Jamie didn’t want to hear any more of Hunter’s ghoulish past and Missinghall was looking increasingly queasy, even though he was accustomed to the newly dead. What mattered right now was establishing what had happened last night, not over two hundred years previously.

“Thank you for your time, sir,” Jamie said. “We may come back to you with further questions.”

The Curator nodded and walked away, his shoulders tense and rigid.

Missinghall shook his head. “Let’s process this freakish place and get out of here,” he said. “We can look into Hunter some more back at base, but I suspect this place will give me nightmares for weeks.”

Jamie nodded, walking slowly around the glass-walled cases to the bottom of the stairs. She bent and examined the blood stains there, careful to avoid the crime scene markers.

“Why was Jenna even up here during the gala dinner?” Jamie thought aloud. “The body was clearly dragged from the bottom of the stairs, so it would be logical that she fell first and hit her head before being moved.”

“Or she was pushed deliberately,” Missinghall noted.

“Not a very effective way to kill someone,” Jamie said, walking up the stairs to the next level. “It’s not guaranteed that the person will die, only be injured in some way. And these steps aren’t even that steep.”

“Maybe it was an accident?” Missinghall said, as they both looked down at the scene below through more glass display cases.

“Cutting out her womb wasn’t an accident.”

“Maybe the killer has something against women?” Missinghall said. “Or perhaps this place just inspired impromptu surgical practice?”

Jamie ignored his black humor, understanding his need to keep a light tone with what they dealt with every day. She turned to look at the other cases on the second floor, which was focused on the history of medicine. In one was a life-size wax model of a hideously deformed victim of war, with half a face and its neck torn away to reveal the jawbone. One hand was burnt to raw pink skin with fingers missing, and there were slashes in the chest, open to bloody rib bones.

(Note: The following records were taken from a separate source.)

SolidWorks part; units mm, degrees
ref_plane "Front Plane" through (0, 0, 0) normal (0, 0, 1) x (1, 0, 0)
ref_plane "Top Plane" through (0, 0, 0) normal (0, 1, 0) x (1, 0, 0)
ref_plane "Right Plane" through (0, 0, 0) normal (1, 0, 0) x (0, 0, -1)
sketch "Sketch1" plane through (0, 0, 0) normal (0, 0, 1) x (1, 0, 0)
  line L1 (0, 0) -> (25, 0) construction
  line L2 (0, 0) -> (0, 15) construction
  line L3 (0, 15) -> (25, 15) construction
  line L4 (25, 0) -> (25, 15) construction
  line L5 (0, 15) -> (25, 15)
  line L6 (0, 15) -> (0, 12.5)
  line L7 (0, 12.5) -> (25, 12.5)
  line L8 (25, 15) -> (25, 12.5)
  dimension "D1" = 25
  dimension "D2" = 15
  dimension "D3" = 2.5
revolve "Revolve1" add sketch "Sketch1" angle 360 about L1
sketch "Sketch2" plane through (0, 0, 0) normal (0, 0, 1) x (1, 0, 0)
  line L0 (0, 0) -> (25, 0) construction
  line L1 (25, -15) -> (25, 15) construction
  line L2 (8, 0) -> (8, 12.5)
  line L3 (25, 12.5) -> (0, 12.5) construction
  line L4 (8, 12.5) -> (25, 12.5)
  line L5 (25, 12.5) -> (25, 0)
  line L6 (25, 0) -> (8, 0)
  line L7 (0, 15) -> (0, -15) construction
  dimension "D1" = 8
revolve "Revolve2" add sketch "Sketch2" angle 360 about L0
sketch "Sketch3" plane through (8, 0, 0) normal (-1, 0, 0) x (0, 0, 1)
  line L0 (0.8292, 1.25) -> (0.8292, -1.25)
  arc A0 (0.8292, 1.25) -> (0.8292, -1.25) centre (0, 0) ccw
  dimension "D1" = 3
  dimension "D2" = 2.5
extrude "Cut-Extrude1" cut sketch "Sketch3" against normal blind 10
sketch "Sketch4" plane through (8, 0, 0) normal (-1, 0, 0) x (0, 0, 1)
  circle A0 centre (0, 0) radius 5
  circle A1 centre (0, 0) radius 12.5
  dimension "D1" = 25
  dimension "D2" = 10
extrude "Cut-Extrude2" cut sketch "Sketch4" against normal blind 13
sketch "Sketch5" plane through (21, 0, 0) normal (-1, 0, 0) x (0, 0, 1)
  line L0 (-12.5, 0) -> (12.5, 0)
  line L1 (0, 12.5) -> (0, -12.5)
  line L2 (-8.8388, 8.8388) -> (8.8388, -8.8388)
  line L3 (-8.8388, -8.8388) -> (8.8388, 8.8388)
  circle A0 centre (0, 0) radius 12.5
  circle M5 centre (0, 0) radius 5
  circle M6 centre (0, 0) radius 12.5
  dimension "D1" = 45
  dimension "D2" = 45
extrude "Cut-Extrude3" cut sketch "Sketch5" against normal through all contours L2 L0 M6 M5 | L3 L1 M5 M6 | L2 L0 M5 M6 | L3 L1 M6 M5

In the next case, a whole series of surgical saws were displayed, all from a seventeenth century surgeon’s kit. Jamie read the sign on an amputation saw, describing a time before anesthetic and antiseptic, when people’s limbs were hacked off while they were tied down, dosed only with laudanum or alcohol. She turned away, before the imagined horror dominated her thoughts any further.

“We’ll have to wait for the autopsy results on whether she was pregnant and we’ll need the statements of the attending surgeons from last night.” Jamie sighed. “So let’s go talk to the parents in the meantime.”